Monday, January 4, 2010

Architecture Study Notes - Heuristics

The following are notes from the book "The Art of Systems Architecting"
By Mark W.Maier and Eberhardt Rechtin
Heuristics
  1. Do not assume that the original statement of the problem is necessarily the best, or even the right one.
  2. In partitioning choose the elements so that they are independant as
    possible; that is, choose elements with low external complexity and
    high internal complexity.
  3. The eye is the finest architect. Believe it. Simplify. Simplify. Simplify.
  4. Build in and maintain options as long as possible in the design and implementation of complex systems. You will need them.
For a heuristic to be selected, the following must be true.
  1. The heuristic must make sense in the original problem domain, and shoud
    show a direct effect between cause and effect; it should reflect the
    success or failure of a system.
  2. The heuristic should be useful in solving more than the original problem.
  3. The heuristic should be easily rationalized in less than 5 minutes.


Architecture process:-

  1. Orientation (More Business , less technical).
  2. Orientation is purpose analysis , problem structuring , solution structuring, harmonizing and selection-abstraction.
  3. Purpose analysis is a broad based study of why the capability or system of interest has value?
  4. Value Model - an explicit model of the most important stakeholder's preferences.

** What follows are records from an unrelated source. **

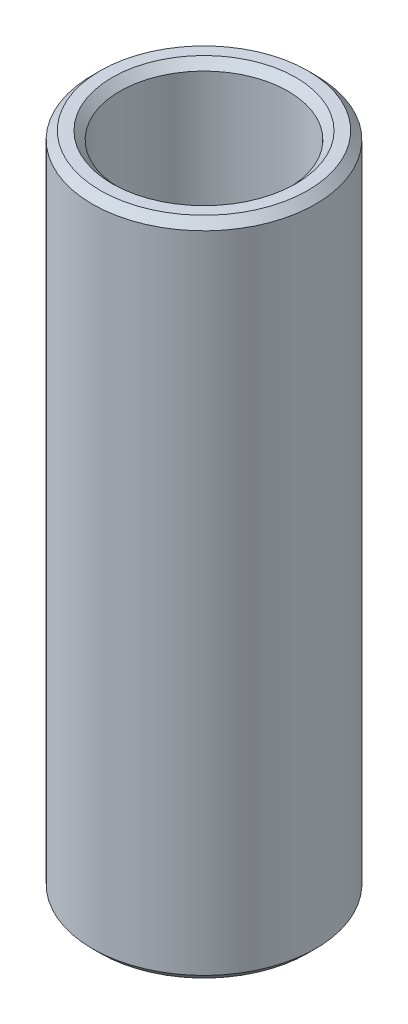
ISO-10303-21;
HEADER;
FILE_DESCRIPTION(('STEP AP214'),'2;1');
FILE_NAME('part.step','',(''),(''),'','','');
FILE_SCHEMA(('AUTOMOTIVE_DESIGN { 1 0 10303 214 1 1 1 1 }'));
ENDSEC;
DATA;
#1=APPLICATION_CONTEXT('core data for automotive mechanical design processes');
#2=APPLICATION_PROTOCOL_DEFINITION('international standard','automotive_design',2000,#1);
#3=PRODUCT_CONTEXT('',#1,'mechanical');
#4=PRODUCT('Part','Part','',(#3));
#5=PRODUCT_RELATED_PRODUCT_CATEGORY('part','',(#4));
#6=PRODUCT_DEFINITION_FORMATION('','',#4);
#7=PRODUCT_DEFINITION_CONTEXT('part definition',#1,'design');
#8=PRODUCT_DEFINITION('design','',#6,#7);
#9=PRODUCT_DEFINITION_SHAPE('','',#8);
#10=(LENGTH_UNIT() NAMED_UNIT(*) SI_UNIT(.MILLI.,.METRE.));
#11=(NAMED_UNIT(*) PLANE_ANGLE_UNIT() SI_UNIT($,.RADIAN.));
#12=(NAMED_UNIT(*) SI_UNIT($,.STERADIAN.) SOLID_ANGLE_UNIT());
#13=UNCERTAINTY_MEASURE_WITH_UNIT(LENGTH_MEASURE(1.E-05),#10,'distance_accuracy_value','');
#14=(GEOMETRIC_REPRESENTATION_CONTEXT(3) GLOBAL_UNCERTAINTY_ASSIGNED_CONTEXT((#13)) GLOBAL_UNIT_ASSIGNED_CONTEXT((#10,
#11,#12)) REPRESENTATION_CONTEXT('',''));
#15=CARTESIAN_POINT('',(0.,0.,0.));
#16=DIRECTION('',(0.,0.,1.));
#17=DIRECTION('',(1.,0.,0.));
#18=AXIS2_PLACEMENT_3D('',#15,#16,#17);
#19=CARTESIAN_POINT('',(0.,88.7654686601397,0.));
#20=DIRECTION('',(0.,-1.,0.));
#21=DIRECTION('',(0.,0.,-1.));
#22=AXIS2_PLACEMENT_3D('',#19,#20,#21);
#23=CYLINDRICAL_SURFACE('',#22,15.);
#24=CARTESIAN_POINT('',(0.,1.06064655763148,0.));
#25=DIRECTION('',(0.,1.,0.));
#26=DIRECTION('',(0.,0.,1.));
#27=AXIS2_PLACEMENT_3D('',#24,#25,#26);
#28=CIRCLE('',#27,15.);
#29=CARTESIAN_POINT('',(0.,1.06064655763148,15.));
#30=VERTEX_POINT('',#29);
#31=EDGE_CURVE('E10',#30,#30,#28,.T.);
#32=ORIENTED_EDGE('',*,*,#31,.T.);
#33=EDGE_LOOP('',(#32));
#34=FACE_BOUND('',#33,.T.);
#35=CARTESIAN_POINT('',(0.,87.7048221025082,0.));
#36=DIRECTION('',(0.,1.,0.));
#37=DIRECTION('',(0.,0.,1.));
#38=AXIS2_PLACEMENT_3D('',#35,#36,#37);
#39=CIRCLE('',#38,15.);
#40=CARTESIAN_POINT('',(0.,87.7048221025082,15.));
#41=VERTEX_POINT('',#40);
#42=EDGE_CURVE('E50',#41,#41,#39,.F.);
#43=ORIENTED_EDGE('',*,*,#42,.T.);
#44=EDGE_LOOP('',(#43));
#45=FACE_BOUND('',#44,.T.);
#46=ADVANCED_FACE('F39',(#34,#45),#23,.T.);
#47=CARTESIAN_POINT('',(0.,88.7654686601397,0.));
#48=DIRECTION('',(0.,1.,0.));
#49=DIRECTION('',(0.,0.,1.));
#50=AXIS2_PLACEMENT_3D('',#47,#48,#49);
#51=PLANE('',#50);
#52=CARTESIAN_POINT('',(0.,88.7654686601397,0.));
#53=DIRECTION('',(0.,1.,0.));
#54=DIRECTION('',(0.,0.,1.));
#55=AXIS2_PLACEMENT_3D('',#52,#53,#54);
#56=CIRCLE('',#55,12.3583901992208);
#57=CARTESIAN_POINT('',(0.,88.7654686601397,12.3583901992208));
#58=VERTEX_POINT('',#57);
#59=EDGE_CURVE('E58',#58,#58,#56,.F.);
#60=ORIENTED_EDGE('',*,*,#59,.T.);
#61=EDGE_LOOP('',(#60));
#62=FACE_BOUND('',#61,.T.);
#63=CARTESIAN_POINT('',(0.,88.7654686601397,0.));
#64=DIRECTION('',(0.,1.,0.));
#65=DIRECTION('',(0.,0.,1.));
#66=AXIS2_PLACEMENT_3D('',#63,#64,#65);
#67=CIRCLE('',#66,13.9393534423685);
#68=CARTESIAN_POINT('',(0.,88.7654686601397,13.9393534423685));
#69=VERTEX_POINT('',#68);
#70=EDGE_CURVE('E61',#69,#69,#67,.T.);
#71=ORIENTED_EDGE('',*,*,#70,.T.);
#72=EDGE_LOOP('',(#71));
#73=FACE_BOUND('',#72,.T.);
#74=ADVANCED_FACE('F88',(#62,#73),#51,.T.);
#75=CARTESIAN_POINT('',(0.,0.,0.));
#76=DIRECTION('',(0.,1.,0.));
#77=DIRECTION('',(0.,0.,1.));
#78=AXIS2_PLACEMENT_3D('',#75,#76,#77);
#79=PLANE('',#78);
#80=CARTESIAN_POINT('',(0.,0.,0.));
#81=DIRECTION('',(0.,1.,0.));
#82=DIRECTION('',(0.,0.,1.));
#83=AXIS2_PLACEMENT_3D('',#80,#81,#82);
#84=CIRCLE('',#83,12.3583901992208);
#85=CARTESIAN_POINT('',(0.,0.,12.3583901992208));
#86=VERTEX_POINT('',#85);
#87=EDGE_CURVE('E51',#86,#86,#84,.T.);
#88=ORIENTED_EDGE('',*,*,#87,.T.);
#89=EDGE_LOOP('',(#88));
#90=FACE_BOUND('',#89,.T.);
#91=CARTESIAN_POINT('',(0.,0.,0.));
#92=DIRECTION('',(0.,1.,0.));
#93=DIRECTION('',(0.,0.,1.));
#94=AXIS2_PLACEMENT_3D('',#91,#92,#93);
#95=CIRCLE('',#94,13.9393534423685);
#96=CARTESIAN_POINT('',(0.,0.,13.9393534423685));
#97=VERTEX_POINT('',#96);
#98=EDGE_CURVE('E54',#97,#97,#95,.F.);
#99=ORIENTED_EDGE('',*,*,#98,.T.);
#100=EDGE_LOOP('',(#99));
#101=FACE_BOUND('',#100,.T.);
#102=ADVANCED_FACE('F83',(#90,#101),#79,.F.);
#103=CARTESIAN_POINT('',(0.,88.7654686601397,0.));
#104=DIRECTION('',(0.,-1.,0.));
#105=DIRECTION('',(0.,0.,-1.));
#106=AXIS2_PLACEMENT_3D('',#103,#104,#105);
#107=CYLINDRICAL_SURFACE('',#106,11.2977436415893);
#108=CARTESIAN_POINT('',(0.,87.7048221025082,0.));
#109=DIRECTION('',(0.,1.,0.));
#110=DIRECTION('',(0.,0.,1.));
#111=AXIS2_PLACEMENT_3D('',#108,#109,#110);
#112=CIRCLE('',#111,11.2977436415893);
#113=CARTESIAN_POINT('',(0.,87.7048221025082,11.2977436415893));
#114=VERTEX_POINT('',#113);
#115=EDGE_CURVE('E67',#114,#114,#112,.T.);
#116=ORIENTED_EDGE('',*,*,#115,.T.);
#117=EDGE_LOOP('',(#116));
#118=FACE_BOUND('',#117,.T.);
#119=CARTESIAN_POINT('',(0.,1.06064655763152,0.));
#120=DIRECTION('',(0.,1.,0.));
#121=DIRECTION('',(0.,0.,1.));
#122=AXIS2_PLACEMENT_3D('',#119,#120,#121);
#123=CIRCLE('',#122,11.2977436415893);
#124=CARTESIAN_POINT('',(0.,1.06064655763152,11.2977436415893));
#125=VERTEX_POINT('',#124);
#126=EDGE_CURVE('E69',#125,#125,#123,.F.);
#127=ORIENTED_EDGE('',*,*,#126,.T.);
#128=EDGE_LOOP('',(#127));
#129=FACE_BOUND('',#128,.T.);
#130=ADVANCED_FACE('F71',(#118,#129),#107,.F.);
#131=CARTESIAN_POINT('',(0.,87.7048221025082,0.));
#132=DIRECTION('',(0.,1.,0.));
#133=DIRECTION('',(0.,0.,1.));
#134=AXIS2_PLACEMENT_3D('',#131,#132,#133);
#135=CONICAL_SURFACE('',#134,11.2977436415893,0.78539816339745);
#136=ORIENTED_EDGE('',*,*,#59,.F.);
#137=EDGE_LOOP('',(#136));
#138=FACE_BOUND('',#137,.T.);
#139=ORIENTED_EDGE('',*,*,#115,.F.);
#140=EDGE_LOOP('',(#139));
#141=FACE_BOUND('',#140,.T.);
#142=ADVANCED_FACE('F77',(#138,#141),#135,.F.);
#143=CARTESIAN_POINT('',(0.,0.,0.));
#144=DIRECTION('',(0.,-1.,0.));
#145=DIRECTION('',(0.,0.,-1.));
#146=AXIS2_PLACEMENT_3D('',#143,#144,#145);
#147=CONICAL_SURFACE('',#146,12.3583901992208,0.785398163397444);
#148=ORIENTED_EDGE('',*,*,#126,.F.);
#149=EDGE_LOOP('',(#148));
#150=FACE_BOUND('',#149,.T.);
#151=ORIENTED_EDGE('',*,*,#87,.F.);
#152=EDGE_LOOP('',(#151));
#153=FACE_BOUND('',#152,.T.);
#154=ADVANCED_FACE('F73',(#150,#153),#147,.F.);
#155=CARTESIAN_POINT('',(0.,1.06064655763148,0.));
#156=DIRECTION('',(0.,1.,0.));
#157=DIRECTION('',(0.,0.,1.));
#158=AXIS2_PLACEMENT_3D('',#155,#156,#157);
#159=CONICAL_SURFACE('',#158,15.,0.785398163397452);
#160=ORIENTED_EDGE('',*,*,#98,.F.);
#161=EDGE_LOOP('',(#160));
#162=FACE_BOUND('',#161,.T.);
#163=ORIENTED_EDGE('',*,*,#31,.F.);
#164=EDGE_LOOP('',(#163));
#165=FACE_BOUND('',#164,.T.);
#166=ADVANCED_FACE('F76',(#162,#165),#159,.T.);
#167=CARTESIAN_POINT('',(0.,88.7654686601397,0.));
#168=DIRECTION('',(0.,-1.,0.));
#169=DIRECTION('',(0.,0.,-1.));
#170=AXIS2_PLACEMENT_3D('',#167,#168,#169);
#171=CONICAL_SURFACE('',#170,13.9393534423685,0.785398163397455);
#172=ORIENTED_EDGE('',*,*,#42,.F.);
#173=EDGE_LOOP('',(#172));
#174=FACE_BOUND('',#173,.T.);
#175=ORIENTED_EDGE('',*,*,#70,.F.);
#176=EDGE_LOOP('',(#175));
#177=FACE_BOUND('',#176,.T.);
#178=ADVANCED_FACE('F45',(#174,#177),#171,.T.);
#179=CLOSED_SHELL('',(#46,#74,#102,#130,#142,#154,#166,#178));
#180=MANIFOLD_SOLID_BREP('B2',#179);
#181=ADVANCED_BREP_SHAPE_REPRESENTATION('',(#18,#180),#14);
#182=SHAPE_DEFINITION_REPRESENTATION(#9,#181);
ENDSEC;
END-ISO-10303-21;

Also discover new heuristics from technical journals, books, project reports, management treatises and conversations.

Generating heuristics:-
  1. Humor in heuristic.
  2. Use words that transmit the :thrill of insight" to the eye of the holder.
  3. For maximum effect try descriptive and prescriptive messages.
  4. Do not create a heuristic where it only has meaning to its creator.
  5. Rather than creating conditional heuristic, rather create one, where it analyzes the conditional statement.
Applying Heuristic:-

  1. If it works, then it is useful.
  2. Knowing when and how is as important as what and why.
  3. When applied early to the solution space it is best.
  4. Too much of a good thing make make it worse, strive for a balance.
  5. Practice. Practice. Practice.





Conclusion:

They provide the successive transitions from
qualitative, provisional needs to descriptive and prescriptive
guidelines, and thence to rational approaches and methods.